▸ Aim of the exercise
Examine each line of the data. Copy the line if it includes the word "with".

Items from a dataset
* * * *
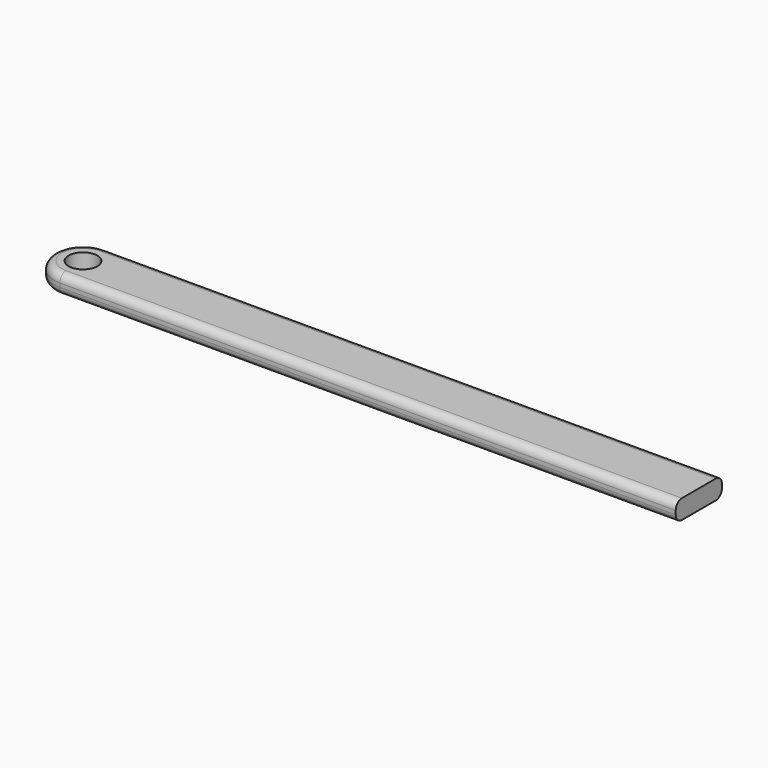
from build123d import *

# Parameters (mm, degrees)
F0_R     = 4.7625
F2_DEPTH = 3.175
F3_R     = 2.54


# Not quite as in the source:
# - a variable given as a bare number and used for a length is read in inches; the dataset says mm whatever the document's units were


with BuildPart() as f2:
    # F0 (on Top) → F2 (new body, symmetric)
    with BuildSketch(Plane.XY):
        with BuildLine():
            Line((-203.2, 0), (0, 0))
            Line((0, 0), (0, 19.05))
            Line((0, 19.05), (-203.2, 19.05))
            ThreePointArc((-203.2, 19.05), (-212.725, 9.525), (-203.2, 0))
        make_face()
        with Locations((-203.2, 9.525)):
            Circle(F0_R, mode=Mode.SUBTRACT)
    extrude(amount=F2_DEPTH, both=True)

    # F3
    f3_edges = [f2.edges().sort_by_distance(p)[0] for p in [
        (-101.6, 0, 3.175),
        (-101.6, 0, -3.175),
    ]]
    fillet(f3_edges, radius=F3_R)


solid = f2.part
* * * *
▸ Task output
with BuildPart() as f2:
    with BuildSketch(Plane.XY):
        with BuildLine():
        with Locations((-203.2, 9.525)):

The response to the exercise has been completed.